The string "blocks" appears in some lines of the entries that follow; copy each such line.

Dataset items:
= Beginning of Section =
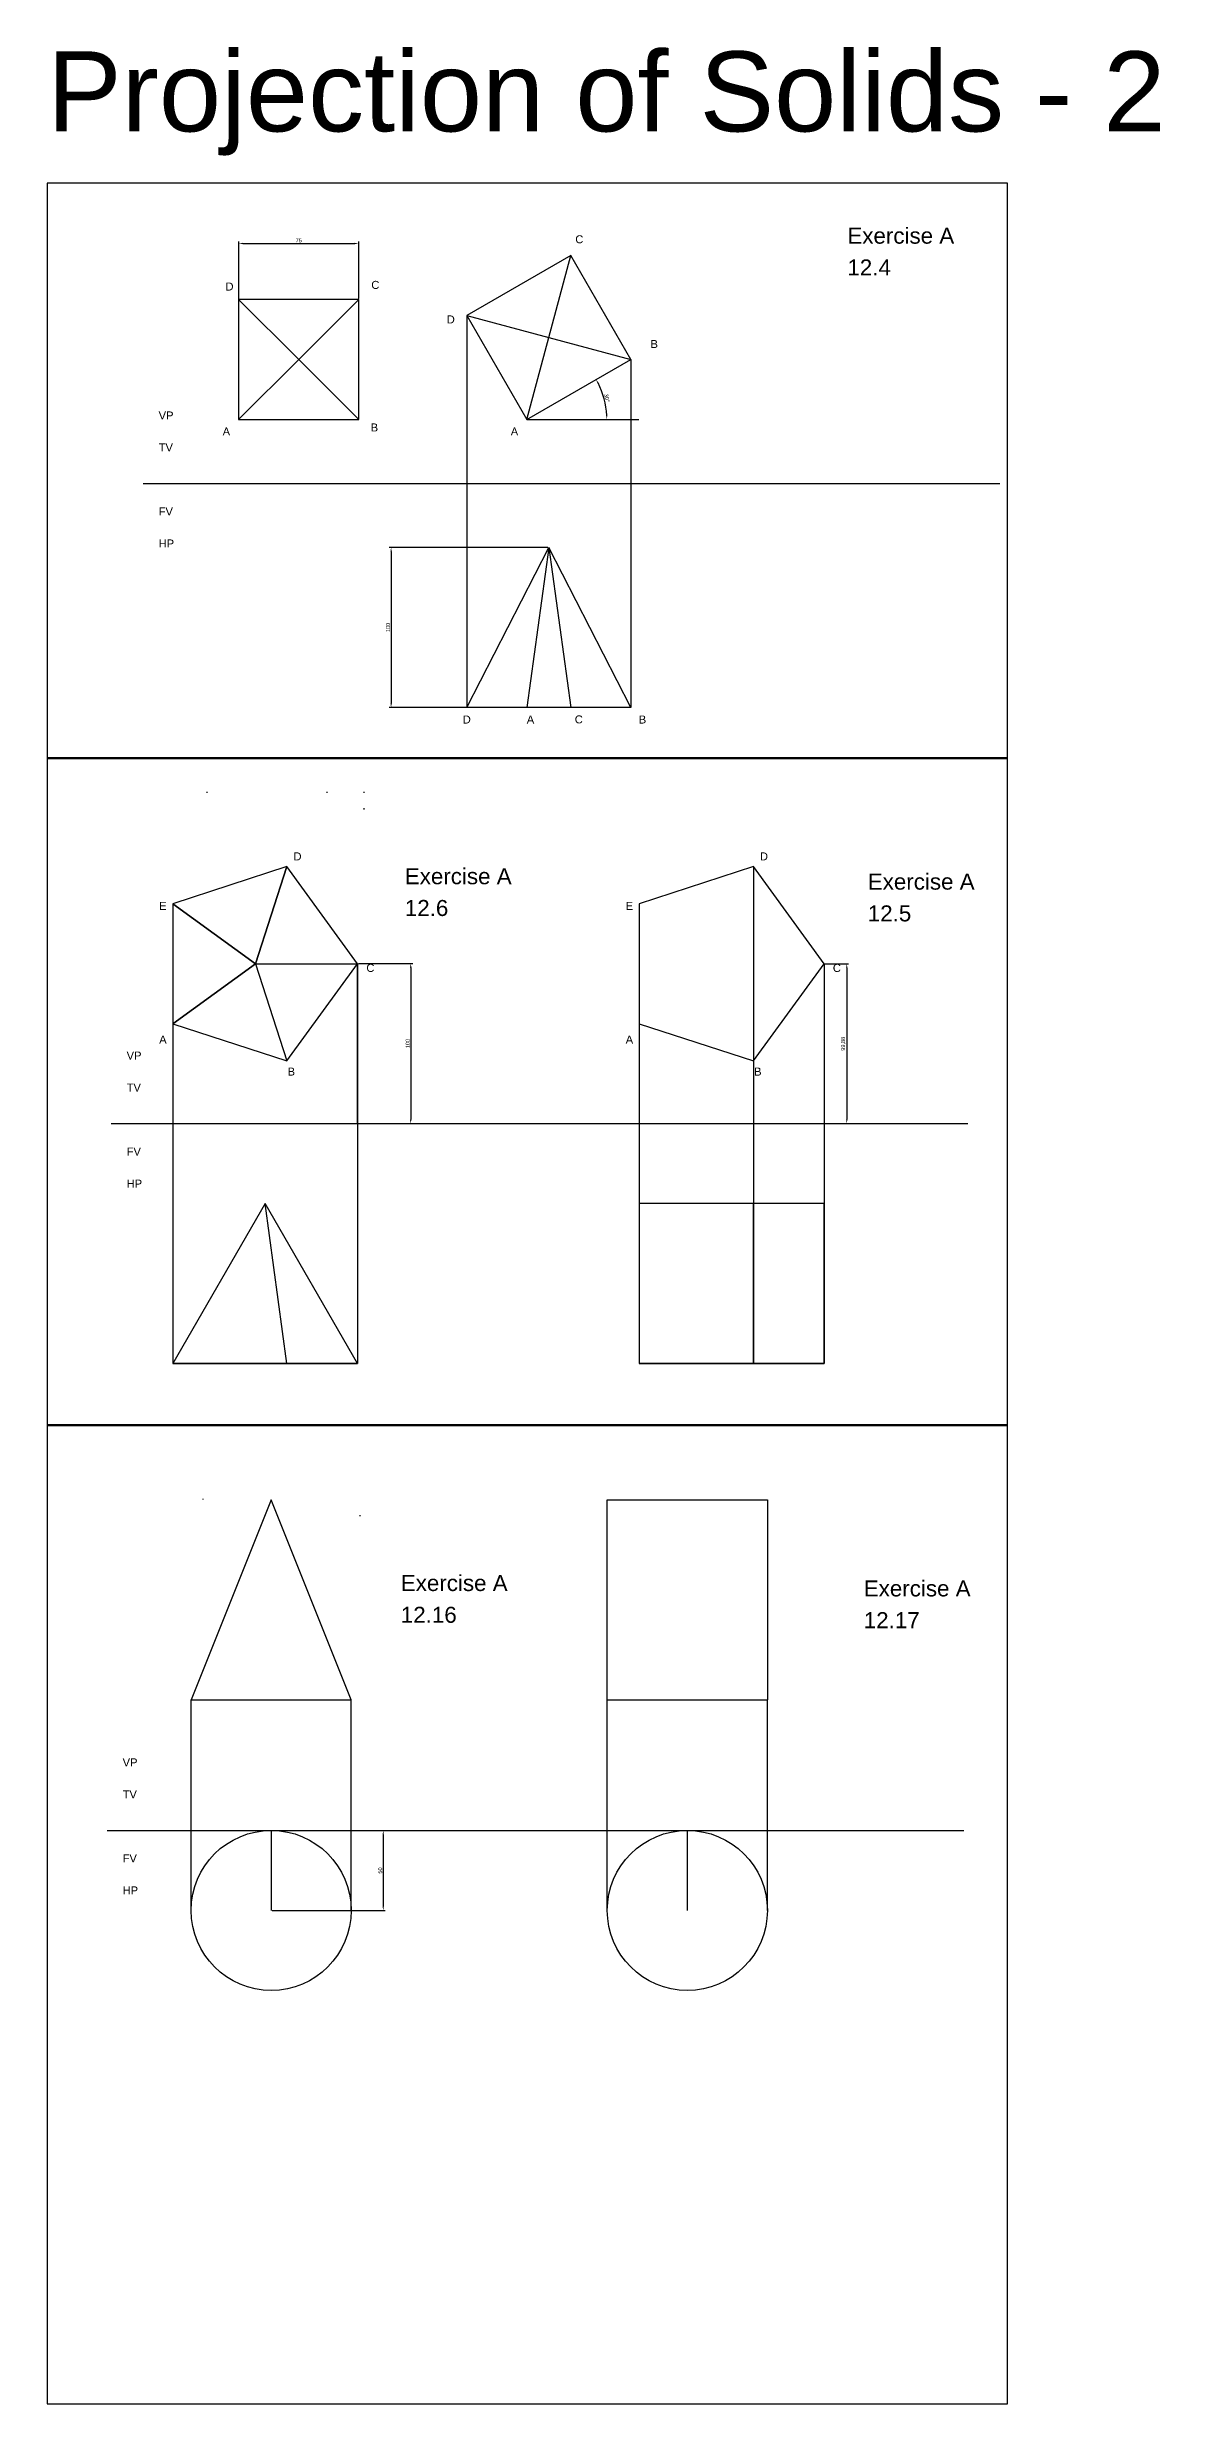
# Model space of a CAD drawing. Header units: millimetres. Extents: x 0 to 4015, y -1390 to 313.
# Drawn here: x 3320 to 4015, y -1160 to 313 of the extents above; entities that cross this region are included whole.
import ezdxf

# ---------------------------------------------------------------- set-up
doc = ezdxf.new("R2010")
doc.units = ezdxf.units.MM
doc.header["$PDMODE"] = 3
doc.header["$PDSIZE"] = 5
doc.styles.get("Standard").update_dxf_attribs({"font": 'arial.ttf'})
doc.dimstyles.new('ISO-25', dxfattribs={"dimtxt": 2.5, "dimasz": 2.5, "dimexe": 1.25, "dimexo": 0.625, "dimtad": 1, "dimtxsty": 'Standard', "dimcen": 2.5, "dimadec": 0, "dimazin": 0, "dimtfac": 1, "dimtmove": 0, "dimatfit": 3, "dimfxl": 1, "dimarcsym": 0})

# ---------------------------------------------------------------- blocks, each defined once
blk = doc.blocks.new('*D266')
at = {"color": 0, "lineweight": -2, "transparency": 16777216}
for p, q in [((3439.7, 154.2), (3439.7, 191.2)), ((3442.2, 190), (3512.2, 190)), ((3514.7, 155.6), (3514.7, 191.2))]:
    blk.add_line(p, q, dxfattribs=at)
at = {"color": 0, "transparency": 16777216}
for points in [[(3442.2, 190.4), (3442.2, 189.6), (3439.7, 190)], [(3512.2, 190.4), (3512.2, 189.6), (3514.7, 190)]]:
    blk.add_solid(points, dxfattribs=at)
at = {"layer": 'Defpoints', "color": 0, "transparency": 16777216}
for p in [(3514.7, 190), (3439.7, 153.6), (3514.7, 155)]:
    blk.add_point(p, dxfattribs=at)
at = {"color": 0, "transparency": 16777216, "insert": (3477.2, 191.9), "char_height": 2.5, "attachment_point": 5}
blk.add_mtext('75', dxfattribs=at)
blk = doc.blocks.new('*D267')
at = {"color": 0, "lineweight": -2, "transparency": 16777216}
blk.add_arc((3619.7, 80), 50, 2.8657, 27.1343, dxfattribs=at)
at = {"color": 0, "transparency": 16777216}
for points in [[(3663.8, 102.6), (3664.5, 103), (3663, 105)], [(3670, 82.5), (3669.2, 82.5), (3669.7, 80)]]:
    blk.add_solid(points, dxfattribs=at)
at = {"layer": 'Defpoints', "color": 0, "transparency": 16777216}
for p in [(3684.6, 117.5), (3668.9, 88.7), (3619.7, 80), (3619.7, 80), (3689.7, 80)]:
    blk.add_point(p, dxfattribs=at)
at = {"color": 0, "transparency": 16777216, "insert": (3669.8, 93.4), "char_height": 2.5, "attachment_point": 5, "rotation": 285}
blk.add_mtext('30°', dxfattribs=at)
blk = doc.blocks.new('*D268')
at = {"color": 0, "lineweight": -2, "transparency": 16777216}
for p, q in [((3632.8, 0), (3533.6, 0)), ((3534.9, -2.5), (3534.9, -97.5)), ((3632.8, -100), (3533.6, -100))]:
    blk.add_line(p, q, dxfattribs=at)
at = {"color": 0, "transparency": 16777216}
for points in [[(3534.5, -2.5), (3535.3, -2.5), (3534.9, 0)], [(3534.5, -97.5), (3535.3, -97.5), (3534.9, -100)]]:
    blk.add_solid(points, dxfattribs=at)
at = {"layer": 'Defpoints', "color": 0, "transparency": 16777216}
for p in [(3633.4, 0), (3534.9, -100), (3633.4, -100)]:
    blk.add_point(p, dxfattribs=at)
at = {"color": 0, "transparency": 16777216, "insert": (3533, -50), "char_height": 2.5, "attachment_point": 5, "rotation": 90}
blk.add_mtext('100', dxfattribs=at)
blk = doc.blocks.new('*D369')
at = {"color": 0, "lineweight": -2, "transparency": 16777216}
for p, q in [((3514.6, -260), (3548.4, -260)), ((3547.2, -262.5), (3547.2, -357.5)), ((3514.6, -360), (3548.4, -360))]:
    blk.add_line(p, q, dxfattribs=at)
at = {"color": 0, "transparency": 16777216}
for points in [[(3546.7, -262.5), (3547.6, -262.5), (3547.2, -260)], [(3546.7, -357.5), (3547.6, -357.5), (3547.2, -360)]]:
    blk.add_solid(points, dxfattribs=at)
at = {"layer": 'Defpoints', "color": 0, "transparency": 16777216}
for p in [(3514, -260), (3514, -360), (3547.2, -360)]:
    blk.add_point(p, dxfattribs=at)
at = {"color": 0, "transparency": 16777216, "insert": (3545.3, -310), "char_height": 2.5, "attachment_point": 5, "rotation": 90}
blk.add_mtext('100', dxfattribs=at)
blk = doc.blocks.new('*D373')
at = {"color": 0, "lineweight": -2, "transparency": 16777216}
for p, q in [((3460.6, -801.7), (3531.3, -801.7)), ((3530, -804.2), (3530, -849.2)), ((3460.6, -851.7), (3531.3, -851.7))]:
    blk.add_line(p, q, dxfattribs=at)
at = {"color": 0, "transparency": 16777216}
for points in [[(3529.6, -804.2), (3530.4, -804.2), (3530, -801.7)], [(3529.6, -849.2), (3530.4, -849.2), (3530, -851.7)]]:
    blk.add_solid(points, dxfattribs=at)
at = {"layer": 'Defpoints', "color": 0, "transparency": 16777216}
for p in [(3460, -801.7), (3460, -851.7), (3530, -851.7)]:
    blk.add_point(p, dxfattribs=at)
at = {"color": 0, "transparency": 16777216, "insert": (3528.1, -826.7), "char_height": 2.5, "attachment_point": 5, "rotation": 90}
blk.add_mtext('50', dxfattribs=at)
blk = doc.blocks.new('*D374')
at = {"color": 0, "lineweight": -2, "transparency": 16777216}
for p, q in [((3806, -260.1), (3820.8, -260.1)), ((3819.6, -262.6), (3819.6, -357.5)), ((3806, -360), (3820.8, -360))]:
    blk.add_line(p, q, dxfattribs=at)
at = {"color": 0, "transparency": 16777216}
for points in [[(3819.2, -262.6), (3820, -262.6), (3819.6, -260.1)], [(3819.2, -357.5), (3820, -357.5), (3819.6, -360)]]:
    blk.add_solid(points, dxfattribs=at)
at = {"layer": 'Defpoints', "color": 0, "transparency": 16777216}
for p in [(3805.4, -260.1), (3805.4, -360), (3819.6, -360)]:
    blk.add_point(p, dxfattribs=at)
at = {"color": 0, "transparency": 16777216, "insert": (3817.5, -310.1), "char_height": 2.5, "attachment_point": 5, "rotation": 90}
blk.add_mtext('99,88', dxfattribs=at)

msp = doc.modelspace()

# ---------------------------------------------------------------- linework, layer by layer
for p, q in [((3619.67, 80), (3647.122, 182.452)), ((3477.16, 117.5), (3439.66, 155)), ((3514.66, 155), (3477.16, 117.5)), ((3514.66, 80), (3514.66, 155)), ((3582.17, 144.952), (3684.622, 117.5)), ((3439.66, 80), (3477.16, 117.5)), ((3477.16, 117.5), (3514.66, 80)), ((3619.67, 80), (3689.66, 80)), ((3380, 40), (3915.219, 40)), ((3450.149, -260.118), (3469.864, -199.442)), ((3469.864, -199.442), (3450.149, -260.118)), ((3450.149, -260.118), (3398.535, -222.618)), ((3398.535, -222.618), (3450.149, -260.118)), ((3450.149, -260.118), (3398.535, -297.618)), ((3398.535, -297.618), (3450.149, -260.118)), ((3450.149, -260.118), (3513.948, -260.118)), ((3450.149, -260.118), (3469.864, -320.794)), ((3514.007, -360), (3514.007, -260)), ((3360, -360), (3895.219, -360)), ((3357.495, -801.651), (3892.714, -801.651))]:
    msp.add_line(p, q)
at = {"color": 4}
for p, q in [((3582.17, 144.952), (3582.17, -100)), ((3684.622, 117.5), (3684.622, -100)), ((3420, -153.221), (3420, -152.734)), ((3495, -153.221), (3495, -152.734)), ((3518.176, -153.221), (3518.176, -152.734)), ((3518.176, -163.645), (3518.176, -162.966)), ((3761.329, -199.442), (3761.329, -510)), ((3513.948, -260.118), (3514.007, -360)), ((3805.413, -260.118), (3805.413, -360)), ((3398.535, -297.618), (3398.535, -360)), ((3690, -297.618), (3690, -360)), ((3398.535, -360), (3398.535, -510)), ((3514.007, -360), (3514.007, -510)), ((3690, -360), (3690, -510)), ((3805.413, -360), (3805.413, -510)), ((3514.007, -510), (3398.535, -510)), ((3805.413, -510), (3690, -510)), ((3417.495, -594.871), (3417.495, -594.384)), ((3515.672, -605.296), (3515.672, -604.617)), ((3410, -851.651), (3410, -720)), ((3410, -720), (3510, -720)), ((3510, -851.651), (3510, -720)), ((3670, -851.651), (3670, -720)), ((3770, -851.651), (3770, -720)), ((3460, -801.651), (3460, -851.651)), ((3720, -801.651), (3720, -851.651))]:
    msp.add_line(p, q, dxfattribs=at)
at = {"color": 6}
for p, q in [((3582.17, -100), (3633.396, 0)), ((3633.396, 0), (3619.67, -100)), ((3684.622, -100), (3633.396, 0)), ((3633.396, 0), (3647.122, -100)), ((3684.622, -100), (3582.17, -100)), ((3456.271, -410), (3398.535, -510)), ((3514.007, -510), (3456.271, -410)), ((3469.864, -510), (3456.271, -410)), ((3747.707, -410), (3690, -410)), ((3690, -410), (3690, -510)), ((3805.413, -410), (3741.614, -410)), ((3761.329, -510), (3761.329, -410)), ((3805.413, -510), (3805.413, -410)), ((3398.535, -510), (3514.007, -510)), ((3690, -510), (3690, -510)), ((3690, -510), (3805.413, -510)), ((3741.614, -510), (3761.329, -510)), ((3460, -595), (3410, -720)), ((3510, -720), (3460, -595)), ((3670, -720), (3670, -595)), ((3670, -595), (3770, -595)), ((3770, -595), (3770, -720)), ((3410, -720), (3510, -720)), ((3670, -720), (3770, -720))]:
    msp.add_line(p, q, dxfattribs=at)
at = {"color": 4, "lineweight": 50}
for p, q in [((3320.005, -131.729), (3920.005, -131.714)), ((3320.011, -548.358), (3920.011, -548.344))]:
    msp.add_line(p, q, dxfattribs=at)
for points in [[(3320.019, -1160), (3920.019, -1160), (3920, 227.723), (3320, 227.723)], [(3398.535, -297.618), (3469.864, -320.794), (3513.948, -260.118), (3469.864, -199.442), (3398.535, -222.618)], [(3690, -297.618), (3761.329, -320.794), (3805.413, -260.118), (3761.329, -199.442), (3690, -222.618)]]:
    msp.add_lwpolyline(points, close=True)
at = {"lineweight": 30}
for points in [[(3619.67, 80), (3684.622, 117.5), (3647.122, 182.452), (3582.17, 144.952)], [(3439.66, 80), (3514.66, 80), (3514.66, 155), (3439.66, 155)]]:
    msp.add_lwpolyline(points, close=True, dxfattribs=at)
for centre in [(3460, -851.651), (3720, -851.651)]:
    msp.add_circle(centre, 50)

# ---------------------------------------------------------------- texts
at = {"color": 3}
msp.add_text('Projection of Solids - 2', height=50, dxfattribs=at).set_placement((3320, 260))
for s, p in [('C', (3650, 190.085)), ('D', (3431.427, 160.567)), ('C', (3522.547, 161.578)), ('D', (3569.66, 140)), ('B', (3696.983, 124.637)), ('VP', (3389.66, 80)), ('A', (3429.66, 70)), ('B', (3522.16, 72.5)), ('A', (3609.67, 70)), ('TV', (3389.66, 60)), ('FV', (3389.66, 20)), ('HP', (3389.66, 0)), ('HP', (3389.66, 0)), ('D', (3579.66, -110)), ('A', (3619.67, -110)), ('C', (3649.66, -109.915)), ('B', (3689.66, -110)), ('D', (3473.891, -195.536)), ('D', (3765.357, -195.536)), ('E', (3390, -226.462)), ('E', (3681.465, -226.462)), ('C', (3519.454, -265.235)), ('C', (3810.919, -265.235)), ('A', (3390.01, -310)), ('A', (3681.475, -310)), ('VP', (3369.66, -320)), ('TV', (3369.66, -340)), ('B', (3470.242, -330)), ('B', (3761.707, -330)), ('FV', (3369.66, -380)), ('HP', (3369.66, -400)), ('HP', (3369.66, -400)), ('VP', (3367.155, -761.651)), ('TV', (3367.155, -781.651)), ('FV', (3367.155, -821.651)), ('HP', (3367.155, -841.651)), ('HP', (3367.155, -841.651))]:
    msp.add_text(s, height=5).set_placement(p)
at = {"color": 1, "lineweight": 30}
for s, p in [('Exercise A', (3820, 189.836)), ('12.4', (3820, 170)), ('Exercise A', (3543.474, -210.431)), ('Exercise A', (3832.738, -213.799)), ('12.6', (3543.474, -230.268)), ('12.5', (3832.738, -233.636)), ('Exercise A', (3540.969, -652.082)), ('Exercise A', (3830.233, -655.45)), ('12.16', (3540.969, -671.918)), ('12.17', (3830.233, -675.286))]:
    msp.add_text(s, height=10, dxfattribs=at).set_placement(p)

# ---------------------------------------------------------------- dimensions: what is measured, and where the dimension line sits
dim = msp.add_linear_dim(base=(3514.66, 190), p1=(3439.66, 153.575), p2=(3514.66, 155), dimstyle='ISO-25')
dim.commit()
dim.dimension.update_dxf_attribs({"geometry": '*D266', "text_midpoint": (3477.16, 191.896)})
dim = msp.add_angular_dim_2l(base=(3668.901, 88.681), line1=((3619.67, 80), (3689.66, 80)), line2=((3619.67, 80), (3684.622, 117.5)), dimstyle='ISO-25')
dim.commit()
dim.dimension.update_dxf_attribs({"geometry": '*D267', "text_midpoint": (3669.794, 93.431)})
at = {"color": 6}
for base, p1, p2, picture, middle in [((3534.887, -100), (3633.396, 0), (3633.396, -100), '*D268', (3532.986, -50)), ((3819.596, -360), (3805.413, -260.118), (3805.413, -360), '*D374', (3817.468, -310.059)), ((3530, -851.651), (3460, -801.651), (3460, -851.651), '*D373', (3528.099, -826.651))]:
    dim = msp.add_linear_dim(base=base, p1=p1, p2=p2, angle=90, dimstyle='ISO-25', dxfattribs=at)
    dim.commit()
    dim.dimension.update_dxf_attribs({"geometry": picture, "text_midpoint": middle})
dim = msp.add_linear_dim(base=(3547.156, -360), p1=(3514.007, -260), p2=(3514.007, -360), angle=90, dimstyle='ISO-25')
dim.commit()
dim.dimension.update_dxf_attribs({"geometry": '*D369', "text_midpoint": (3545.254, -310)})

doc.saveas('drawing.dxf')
= End of Section =
◆ **Final answer**:
# ---------------------------------------------------------------- blocks, each defined once
blk = doc.blocks.new('*D266')
blk = doc.blocks.new('*D267')
blk = doc.blocks.new('*D268')
blk = doc.blocks.new('*D369')
blk = doc.blocks.new('*D373')
blk = doc.blocks.new('*D374')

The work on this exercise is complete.